In September of 2020, the House took a vote to see if the political body would "accept a peaceful transition of power."  The result was overwhelming that with only five voting no, all others agreed they wanted a "peaceful transition of power."  So, no matter how much the public complains, if the courts don't get involved, we are stuck with the gradually increasing likelihood of becoming a Marxist nation.  If this was 1776 or 1861, the scenario would be quite different, but we live in an age where any more than simply complaining, marching and/or insulting, is unthinkable.  So, we descend into the Madness of that which is Marxism.


----------



## pknopp (May 18, 2021)

LuckyDuck said:


> pknopp said:
> 
> 
> > Some of us complain about violations of the Constitutional protections by those representing the government and are told to just suck it up and accept it and hope maybe at some point the courts will straighten it out.
> ...



 Extremism like what you show here is what is going to destroy the country.
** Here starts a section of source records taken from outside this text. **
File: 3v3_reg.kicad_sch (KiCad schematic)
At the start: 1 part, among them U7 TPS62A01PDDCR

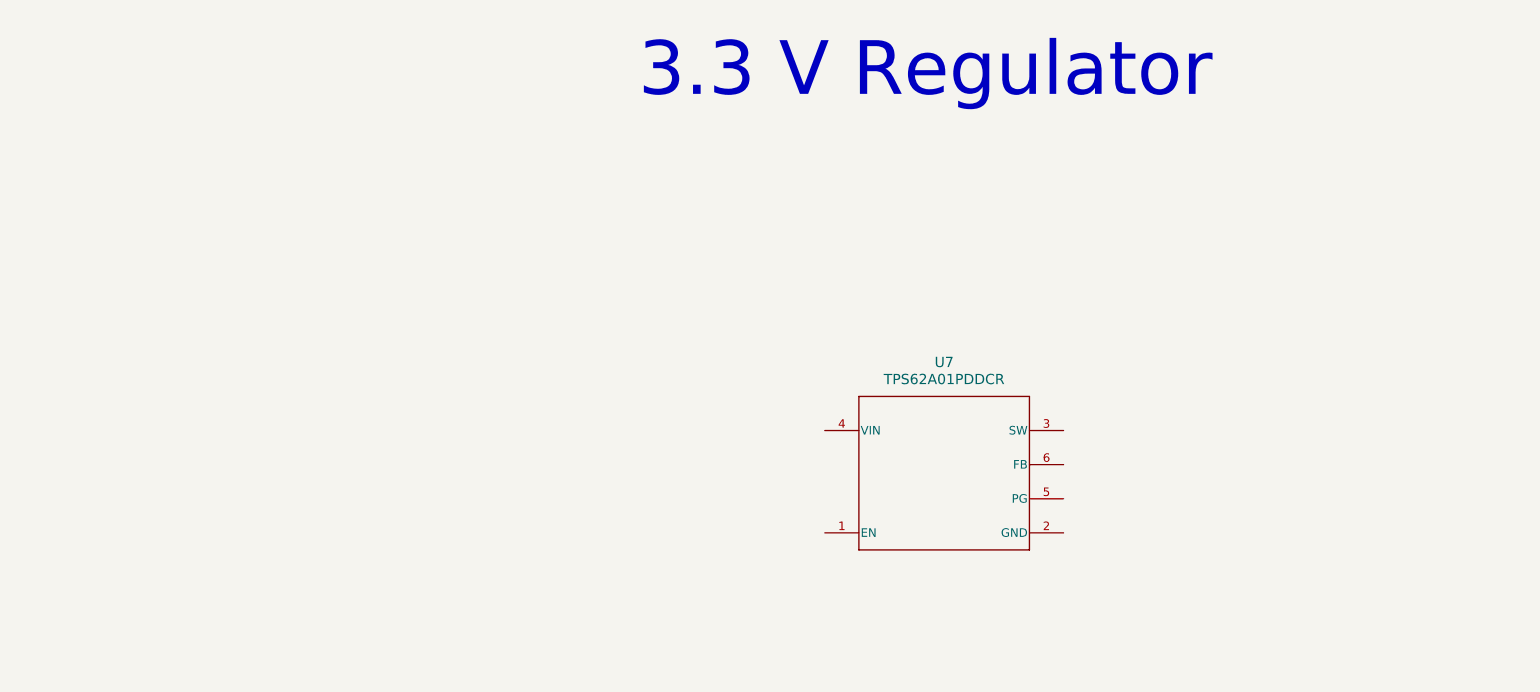
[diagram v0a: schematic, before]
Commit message: did 3v3 reg
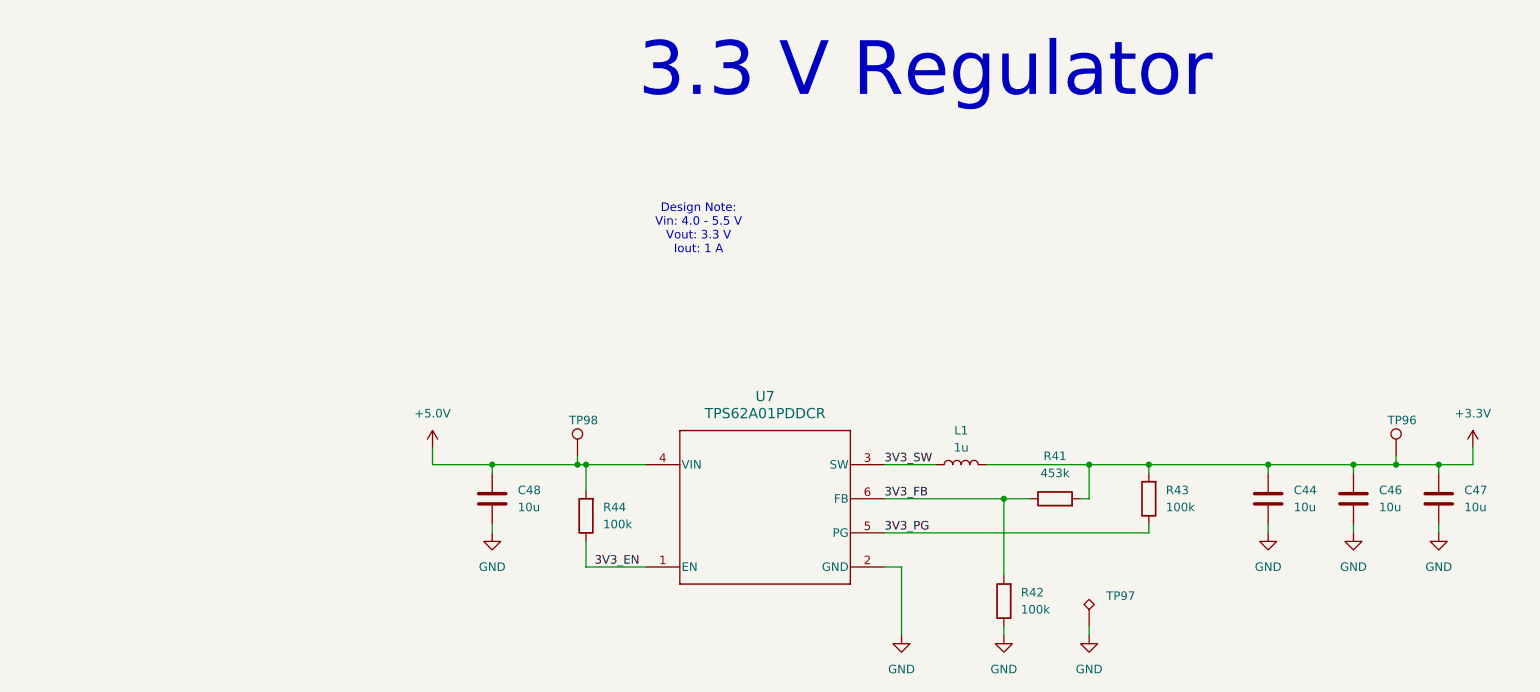
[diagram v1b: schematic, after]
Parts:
- added C44, C46, C47, C48: 10u, Capacitor_SMD:C_0805_2012Metric, symbol Device:C
- added L1: 1u, Inductor_SMD:L_1210_3225Metric, symbol Device:L
- added R41: 453k, Resistor_SMD:R_0402_1005Metric, symbol Device:R
- added R42, R43, R44: 100k, Resistor_SMD:R_0402_1005Metric, symbol Device:R
- added TP96, TP98: TestPoint, symbol Connector:TestPoint
- added TP97: TestPoint_Alt, symbol Connector:TestPoint_Alt
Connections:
- net 3V3_EN: now reaches U7.1 (EN)
- net 3V3_EN: now also R44.1
- net GND: now reaches U7.2 (GND)
- net GND: now also C44.2, C46.2, C47.2, C48.2, R42.1, TP97.1
- net 3V3_SW: now reaches U7.3 (SW)
- net 3V3_SW: now also L1.1
- net +5.0V: now reaches U7.4 (VIN)
- net +5.0V: now also C48.1, R44.2, TP98.1
- net 3V3_PG: now reaches U7.5 (PG)
- net 3V3_PG: now also R43.1
- net 3V3_FB: now reaches U7.6 (FB)
- net 3V3_FB: now also R41.1, R42.2
- new net +3.3V: C44.1, C46.1, C47.1, L1.2, R41.2, R43.2, TP96.1
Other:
- note added: "Design Note: Vin: 4.0 - 5.5 V Vout: 3.3 V Iout: 1 A"
- moved on the sheet: U7

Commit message: did stuff
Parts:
- renumbered C48 to C109, C44 to C110, C46 to C111, C47 to C112, R41 to R80, R43 to R81, R44 to R82, R42 to R83, TP98 to TP133, TP96 to TP134, TP97 to TP135
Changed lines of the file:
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@@
 		(dnp no)
 		(fields_autoplaced yes)
-		(property "Reference" "C44"
+		(property "Reference" "C110"
 			(at 199.39 96.5199 0)
 			(effects
@@
 			(project ""
 				(path "/2970f661-65ab-4e2b-aeda-d76d1044f2b8/4a874178-a54c-4eb4-8350-ff261e3dfdab"
-					(reference "C44")
+					(reference "C110")
 					(unit 1)
 				)
@@
 		(dnp no)
 		(fields_autoplaced yes)
-		(property "Reference" "R44"
+		(property "Reference" "R82"
 			(at 96.52 99.0599 0)
 			(effects
@@
 			(project "netdaq"
 				(path "/2970f661-65ab-4e2b-aeda-d76d1044f2b8/4a874178-a54c-4eb4-8350-ff261e3dfdab"
-					(reference "R44")
+					(reference "R82")
 					(unit 1)
 				)
@@
 		(dnp no)
 		(fields_autoplaced yes)
-		(property "Reference" "#PWR086"
+		(property "Reference" "#PWR0179"
 			(at 226.06 93.98 0)
 			(effects
@@
 			(project ""
 				(path "/2970f661-65ab-4e2b-aeda-d76d1044f2b8/4a874178-a54c-4eb4-8350-ff261e3dfdab"
-					(reference "#PWR086")
+					(reference "#PWR0179")
 					(unit 1)
 				)
@@
 		(dnp no)
 		(fields_autoplaced yes)
-		(property "Reference" "#PWR085"
+		(property "Reference" "#PWR0183"
 			(at 220.98 109.22 0)
 			(effects
@@
 			(project "netdaq"
 				(path "/2970f661-65ab-4e2b-aeda-d76d1044f2b8/4a874178-a54c-4eb4-8350-ff261e3dfdab"
-					(reference "#PWR085")
+					(reference "#PWR0183")
 					(unit 1)
 				)
@@
 		(dnp no)
 		(fields_autoplaced yes)
-		(property "Reference" "#PWR088"
+		(property "Reference" "#PWR0180"
 			(at 80.01 109.22 0)
 			(effects
@@
 			(project "netdaq"
 				(path "/2970f661-65ab-4e2b-aeda-d76d1044f2b8/4a874178-a54c-4eb4-8350-ff261e3dfdab"
-					(reference "#PWR088")
+					(reference "#PWR0180")
 					(unit 1)
 				)
@@
 		(dnp no)
 		(fields_autoplaced yes)
-		(property "Reference" "#PWR089"
+		(property "Reference" "#PWR0178"
 			(at 71.12 93.98 0)
 			(effects
@@
 			(project "netdaq"
 				(path "/2970f661-65ab-4e2b-aeda-d76d1044f2b8/4a874178-a54c-4eb4-8350-ff261e3dfdab"
-					(reference "#PWR089")
+					(reference "#PWR0178")
 					(unit 1)
 				)
@@
 		(dnp no)
 		(fields_autoplaced yes)
-		(property "Reference" "#PWR087"
+		(property "Reference" "#PWR0186"
 			(at 168.91 124.46 0)
 			(effects
@@
 			(project "netdaq"
 				(path "/2970f661-65ab-4e2b-aeda-d76d1044f2b8/4a874178-a54c-4eb4-8350-ff261e3dfdab"
-					(reference "#PWR087")
+					(reference "#PWR0186")
 					(unit 1)
 				)
@@
 		(on_board yes)
 		(dnp no)
-		(property "Reference" "TP98"
+		(property "Reference" "TP133"
 			(at 91.44 86.106 0)
 			(effects
@@
 			(project "netdaq"
 				(path "/2970f661-65ab-4e2b-aeda-d76d1044f2b8/4a874178-a54c-4eb4-8350-ff261e3dfdab"
-					(reference "TP98")
+					(reference "TP133")
 					(unit 1)
 				)
@@
 		(dnp no)
 		(fields_autoplaced yes)
-		(property "Reference" "#PWR082"
+		(property "Reference" "#PWR0185"
 			(at 156.21 124.46 0)
 			(effects
@@
 			(project "netdaq"
 				(path "/2970f661-65ab-4e2b-aeda-d76d1044f2b8/4a874178-a54c-4eb4-8350-ff261e3dfdab"
-					(reference "#PWR082")
+					(reference "#PWR0185")
 					(unit 1)
 				)
@@
 		(dnp no)
 		(fields_autoplaced yes)
-		(property "Reference" "#PWR081"
+		(property "Reference" "#PWR0184"
 			(at 140.97 124.46 0)
 			(effects
@@
 			(project ""
 				(path "/2970f661-65ab-4e2b-aeda-d76d1044f2b8/4a874178-a54c-4eb4-8350-ff261e3dfdab"
-					(reference "#PWR081")
+					(reference "#PWR0184")
 					(unit 1)
 				)
@@
 		(dnp no)
 		(fields_autoplaced yes)
-		(property "Reference" "C46"
+		(property "Reference" "C111"
 			(at 212.09 96.5199 0)
 			(effects
@@
 			(project "netdaq"
 				(path "/2970f661-65ab-4e2b-aeda-d76d1044f2b8/4a874178-a54c-4eb4-8350-ff261e3dfdab"
-					(reference "C46")
+					(reference "C111")
 					(unit 1)
 				)
@@
 		(dnp no)
 		(fields_autoplaced yes)
-		(property "Reference" "#PWR084"
+		(property "Reference" "#PWR0182"
 			(at 208.28 109.22 0)
 			(effects
@@
 			(project "netdaq"
 				(path "/2970f661-65ab-4e2b-aeda-d76d1044f2b8/4a874178-a54c-4eb4-8350-ff261e3dfdab"
-					(reference "#PWR084")
+					(reference "#PWR0182")
 					(unit 1)
 				)
@@
 		(on_board yes)
 		(dnp no)
-		(property "Reference" "TP96"
+		(property "Reference" "TP134"
 			(at 213.36 86.106 0)
 			(effects
@@
 			(project "netdaq"
 				(path "/2970f661-65ab-4e2b-aeda-d76d1044f2b8/4a874178-a54c-4eb4-8350-ff261e3dfdab"
-					(reference "TP96")
+					(reference "TP134")
 					(unit 1)
 				)
@@
 		(dnp no)
 		(fields_autoplaced yes)
-		(property "Reference" "R41"
+		(property "Reference" "R80"
 			(at 163.83 91.44 90)
 			(effects
@@
 			(project ""
 				(path "/2970f661-65ab-4e2b-aeda-d76d1044f2b8/4a874178-a54c-4eb4-8350-ff261e3dfdab"
-					(reference "R41")
+					(reference "R80")
 					(unit 1)
 				)
@@
 		(dnp no)
 		(fields_autoplaced yes)
-		(property "Reference" "R43"
+		(property "Reference" "R81"
 			(at 180.34 96.5199 0)
 			(effects
@@
 			(project "netdaq"
 				(path "/2970f661-65ab-4e2b-aeda-d76d1044f2b8/4a874178-a54c-4eb4-8350-ff261e3dfdab"
-					(reference "R43")
+					(reference "R81")
 					(unit 1)
 				)
@@
 		(dnp no)
 		(fields_autoplaced yes)
-		(property "Reference" "R42"
+		(property "Reference" "R83"
 			(at 158.75 111.7599 0)
 			(effects
@@
 			(project "netdaq"
 				(path "/2970f661-65ab-4e2b-aeda-d76d1044f2b8/4a874178-a54c-4eb4-8350-ff261e3dfdab"
-					(reference "R42")
+					(reference "R83")
 					(unit 1)
 				)
@@
 		(dnp no)
 		(fields_autoplaced yes)
-		(property "Reference" "TP97"
+		(property "Reference" "TP135"
 			(at 171.45 112.2679 0)
 			(effects
@@
 			(project "netdaq"
 				(path "/2970f661-65ab-4e2b-aeda-d76d1044f2b8/4a874178-a54c-4eb4-8350-ff261e3dfdab"
-					(reference "TP97")
+					(reference "TP135")
 					(unit 1)
 				)
@@
 		(dnp no)
 		(fields_autoplaced yes)
-		(property "Reference" "C47"
+		(property "Reference" "C112"
 			(at 224.79 96.5199 0)
 			(effects
@@
 			(project "netdaq"
 				(path "/2970f661-65ab-4e2b-aeda-d76d1044f2b8/4a874178-a54c-4eb4-8350-ff261e3dfdab"
-					(reference "C47")
+					(reference "C112")
 					(unit 1)
 				)
@@
 		(dnp no)
 		(fields_autoplaced yes)
-		(property "Reference" "C48"
+		(property "Reference" "C109"
 			(at 83.82 96.5199 0)
 			(effects
@@
 			(project "netdaq"
 				(path "/2970f661-65ab-4e2b-aeda-d76d1044f2b8/4a874178-a54c-4eb4-8350-ff261e3dfdab"
-					(reference "C48")
+					(reference "C109")
 					(unit 1)
 				)
@@
 		(dnp no)
 		(fields_autoplaced yes)
-		(property "Reference" "#PWR083"
+		(property "Reference" "#PWR0181"
 			(at 195.58 109.22 0)
 			(effects
@@
 			(project "netdaq"
 				(path "/2970f661-65ab-4e2b-aeda-d76d1044f2b8/4a874178-a54c-4eb4-8350-ff261e3dfdab"
-					(reference "#PWR083")
-					(unit 1)
-				)
+					(reference "#PWR0181")
+					(unit 1)
+				)

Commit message: changed to 4 layer, finished usb conn, added jtag conn, some other things
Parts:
- TP133, TP134: footprint (none) -> TestPoint:TestPoint_THTPad_D1.0mm_Drill0.5mm
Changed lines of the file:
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@@
 			)
 		)
-		(property "Footprint" ""
+		(property "Footprint" "TestPoint:TestPoint_THTPad_D1.0mm_Drill0.5mm"
 			(at 97.79 91.44 0)
 			(hide yes)
@@
 			)
 		)
-		(property "Footprint" ""
+		(property "Footprint" "TestPoint:TestPoint_THTPad_D1.0mm_Drill0.5mm"
 			(at 219.71 91.44 0)
 			(hide yes)

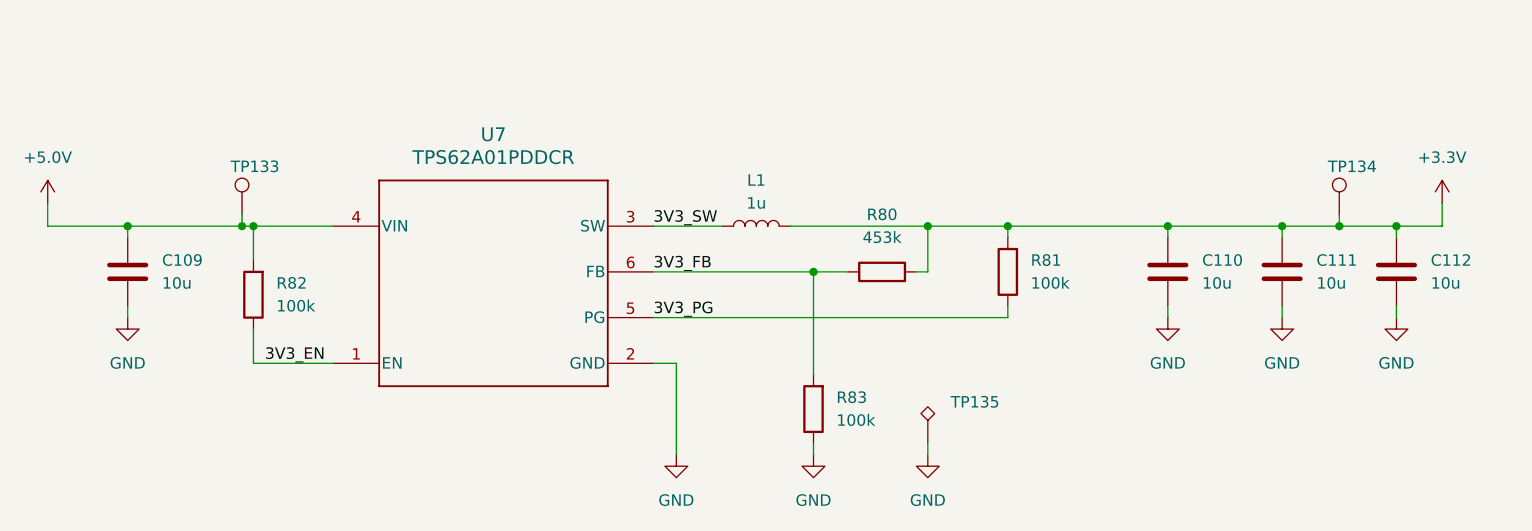
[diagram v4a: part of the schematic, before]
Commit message: did a bunch of bom matching to lcsc
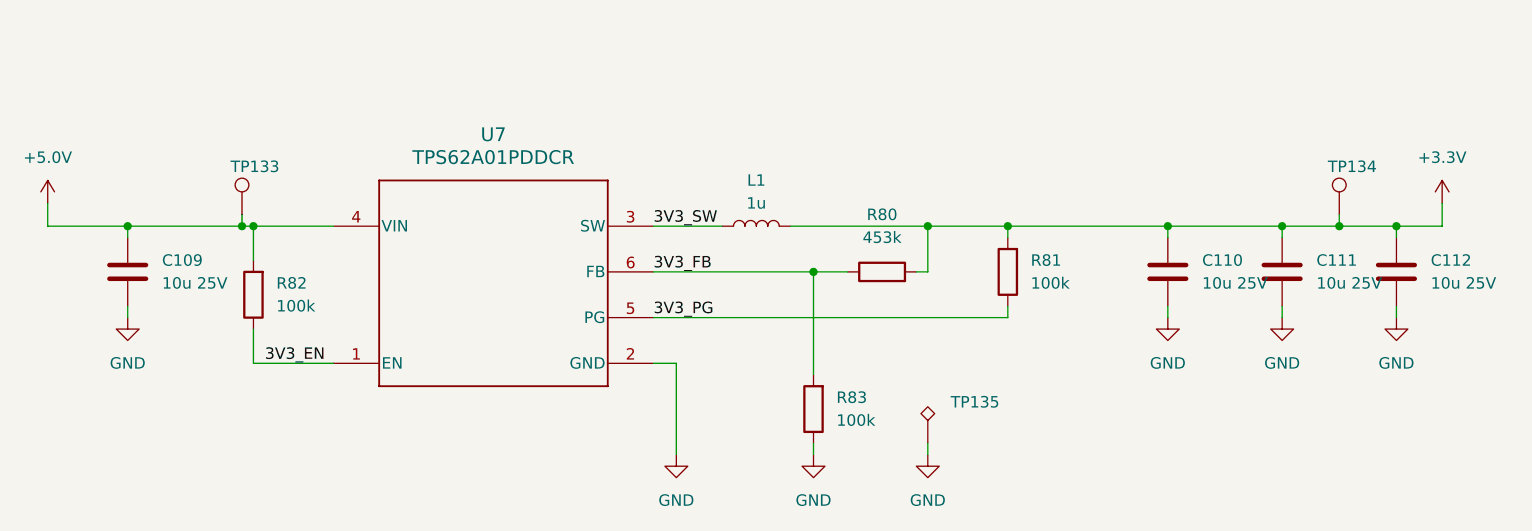
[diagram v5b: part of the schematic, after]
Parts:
- C109, C110, C111, C112: value 10u -> 10u 25V; LCSC (none) -> C15850; LCSC Basic/Pref (none) -> x; LCSC Part (none) -> C15850
- R80: LCSC Basic/Pref (none) -> n
- R81, R82, R83: LCSC (none) -> C25741; LCSC Basic/Pref (none) -> x; LCSC Part (none) -> C25741
- TP133, TP134: now left out of the parts list
- TP135: footprint (none) -> TestPoint:TestPoint_THTPad_1.0x1.0mm_Drill0.5mm; now left out of the parts list
- U7: LCSC Part (none) -> C42267816

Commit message: did almost nothing!
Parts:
- added D79, D81: D_Schottky, Diode_SMD:D_SOD-323, symbol Device:D_Schottky
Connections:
- net +5.0V: now also D81.2 (A); no longer C109.1, R82.2, TP133.1, U7.4 (VIN)
- new net: C109.1, D79.1 (K), D81.1 (K), R82.2, TP133.1, U7.4 (VIN)
- new net +5.2V: D79.2 (A)
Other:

You don't even know what you are actually rambling about.


----------



## danielpalos (May 18, 2021)

Prof.Lunaphiles said:


> 9thIDdoc said:
> 
> 
> > Prof.Lunaphiles said:
> ...


There is nothing wrong with our federal Constitution it is clearly expressed and unambiguous in every way.  We could not do a better job today.  

Why do you believe you can improve on this:

We the People of the United States, in Order to form a more perfect Union, establish Justice, insure domestic Tranquility, provide for the common defence, promote the general Welfare, and secure the Blessings of Liberty to ourselves and our Posterity, do ordain and establish this Constitution for the United States of America.


----------



## Prof.Lunaphile (May 18, 2021)

danielpalos said:


> Prof.Lunaphiles said:
> 
> 
> > A Better Subdivisioning of the Three-part Model will Provide Better Checks & Balances
> ...


Then why do we accept that there are different interpretations by the Supreme Court Justices???

How does that happen, if it is clearly expressed???


danielpalos said:


> Why do you believe you can improve on this:


Because modern technology provides for improvements.

The great Thomas Jefferson wrote about it way back then, and nobody said the Constitution was perfect.



> Written in Stone Southeast Portico Jefferson Memorial:
> 
> "I am not an advocate for frequent changes in laws and constitutions, but laws and *institutions must go hand in hand with the progress of the human mind*. As that becomes more developed, more enlightened, as new discoveries are made, new truths discovered and manners and opinions change, with the change of circumstances, *institutions must advance also to keep pace with the times*. We might as well require a man to wear still the coat which fitted him when a boy as a civilized society to remain ever under the regimen of their barbarous ancestors."
> 
> -Excerpted from a letter to Samuel Kercheval, July 12, 1816.





danielpalos said:


> We the People of the United States, in Order to form a more perfect Union, establish Justice, insure domestic Tranquility, provide for the common defence, promote the general Welfare, and secure the Blessings of Liberty to ourselves and our Posterity, do ordain and establish this Constitution for the United States of America.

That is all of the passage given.